The Altair Community is migrating to a new platform to provide a better experience for you. In preparation for the migration, the Altair Community is on read-only mode from October 28 - November 6, 2024. Technical support via cases will continue to work as is. For any urgent requests from Students/Faculty members, please submit the form linked here

HOW TO Validate k-means Clustering?

shredlegend88shredlegend88 Member Posts: 10 Contributor II
edited November 2018 in Help

It seems like a simple question.  I have a dataset I am performing a k-means cluster analysis for consumers bankruptcy tendency (k=2). I need to know the best way to validate my models predictive accuracy.  I have wasted about 5 hours trying and failing. 

 

My text states the easiest way is by generating a confusion/classification matrix, but for the life of me, I cannot figure out what setting/operator/selection etc. to do this in RM!!!

All I get for my results is shown below.  This is not good enough for me to know how well my model is performing against my testing/validation set.  I am using a cross validation operator containing my cluster model on the training section, and the apply model and cluster distance performance operator on the training section.  All i get is this.  Why so little information?  

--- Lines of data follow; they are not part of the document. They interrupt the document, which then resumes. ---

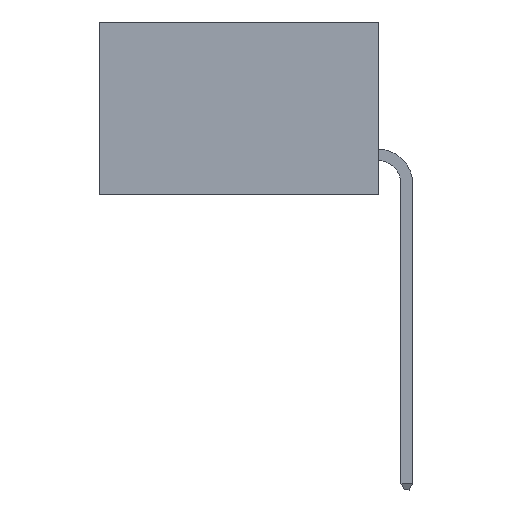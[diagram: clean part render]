
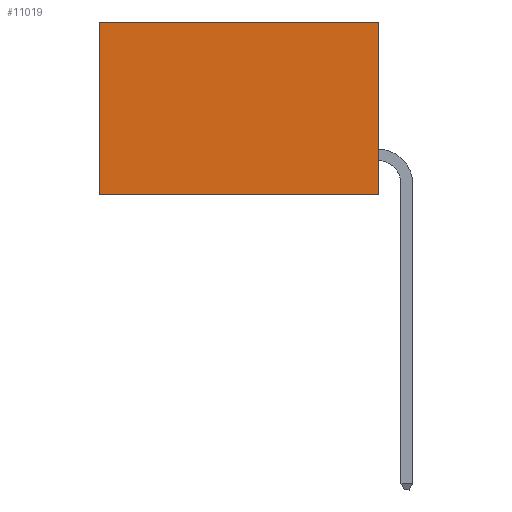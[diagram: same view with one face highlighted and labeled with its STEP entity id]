
A CAD part, left-side view. The second image highlights one B-rep face of the part: STEP entity #11019.
In plain terms, the highlighted planar face has unit normal (-1, 0, 0).
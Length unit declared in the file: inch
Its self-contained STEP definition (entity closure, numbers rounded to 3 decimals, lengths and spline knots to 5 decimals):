
#351 = CARTESIAN_POINT ( 'NONE',  ( 0.298, 0., 0. ) ) ;
#435 = VECTOR ( 'NONE', #5916, 39.37008 ) ;
#581 = DIRECTION ( 'NONE',  ( 1., 0., 0. ) ) ;
#1634 = VECTOR ( 'NONE', #4852, 39.37008 ) ;
#1665 = LINE ( 'NONE', #3736, #13345 ) ;
#2264 = DIRECTION ( 'NONE',  ( 0., 1., 0. ) ) ;
#2553 = VERTEX_POINT ( 'NONE', #12331 ) ;
#3329 = LINE ( 'NONE', #13603, #435 ) ;
#3736 = CARTESIAN_POINT ( 'NONE',  ( 0.298, 0., 0. ) ) ;
#4185 = EDGE_CURVE ( 'NONE', #13165, #10245, #1665, .T. ) ;
#4221 = EDGE_LOOP ( 'NONE', ( #4894, #12606, #7073, #4723 ) ) ;
#4723 = ORIENTED_EDGE ( 'NONE', *, *, #7892, .T. ) ;
#4812 = LINE ( 'NONE', #351, #1634 ) ;
#4852 = DIRECTION ( 'NONE',  ( 0., 1., 0. ) ) ;
#4894 = ORIENTED_EDGE ( 'NONE', *, *, #7762, .T. ) ;
#5835 = VERTEX_POINT ( 'NONE', #9296 ) ;
#5916 = DIRECTION ( 'NONE',  ( 0., 0., -1. ) ) ;
#7073 = ORIENTED_EDGE ( 'NONE', *, *, #4185, .F. ) ;
#7150 = LINE ( 'NONE', #8729, #12811 ) ;
#7181 = FACE_OUTER_BOUND ( 'NONE', #4221, .T. ) ;
#7339 = CARTESIAN_POINT ( 'NONE',  ( 0.298, 0., 0. ) ) ;
#7762 = EDGE_CURVE ( 'NONE', #2553, #5835, #3329, .T. ) ;
#7892 = EDGE_CURVE ( 'NONE', #13165, #2553, #4812, .T. ) ;
#8073 = AXIS2_PLACEMENT_3D ( 'NONE', #12359, #581, #8104 ) ;
#8104 = DIRECTION ( 'NONE',  ( 0., 0., -1. ) ) ;
#8729 = CARTESIAN_POINT ( 'NONE',  ( 0.298, 0., -0.37 ) ) ;
#9296 = CARTESIAN_POINT ( 'NONE',  ( 0.298, 0.6, -0.37 ) ) ;
#10245 = VERTEX_POINT ( 'NONE', #12146 ) ;
#11019 = ADVANCED_FACE ( 'NONE', ( #7181 ), #13384, .F. ) ;
#11826 = EDGE_CURVE ( 'NONE', #10245, #5835, #7150, .T. ) ;
#12146 = CARTESIAN_POINT ( 'NONE',  ( 0.298, 0., -0.37 ) ) ;
#12331 = CARTESIAN_POINT ( 'NONE',  ( 0.298, 0.6, 0. ) ) ;
#12359 = CARTESIAN_POINT ( 'NONE',  ( 0.298, 0., 0. ) ) ;
#12606 = ORIENTED_EDGE ( 'NONE', *, *, #11826, .F. ) ;
#12811 = VECTOR ( 'NONE', #2264, 39.37008 ) ;
#13165 = VERTEX_POINT ( 'NONE', #7339 ) ;
#13206 = DIRECTION ( 'NONE',  ( 0., 0., -1. ) ) ;
#13345 = VECTOR ( 'NONE', #13206, 39.37008 ) ;
#13384 = PLANE ( 'NONE',  #8073 ) ;
#13603 = CARTESIAN_POINT ( 'NONE',  ( 0.298, 0.6, 0. ) ) ;

Avg. within centroid distance

Avg. within centroid distance: -6.053 +/- 0.279 (mikro: -6.053)

I have attached my dataset and xml of my process.

Tagged:

Answers

  • MartinLiebigMartinLiebig Administrator, Moderator, Employee-RapidMiner, RapidMiner Certified Analyst, RapidMiner Certified Expert, University Professor Posts: 3,533 RM Data Scientist

    Shredlegend88,

     

    if you want to get a confusion matrix, you need to use a performance operator for supervised classification problem. This requieres a label. If you go purely unsupervised, you cannot define a confusion matrix.

     

    ~Martin

    - Sr. Director Data Solutions, Altair RapidMiner -
    Dortmund, Germany
  • shredlegend88shredlegend88 Member Posts: 10 Contributor II

    My dataset has a label, however, when I try an use the performance operator, i get the error "Input ExampleSet does not have predicted label attribute".

     

    What does this mean and how to I fix it?  I have tried many approaches, adding dummy variables, changing my labels role/type/etc.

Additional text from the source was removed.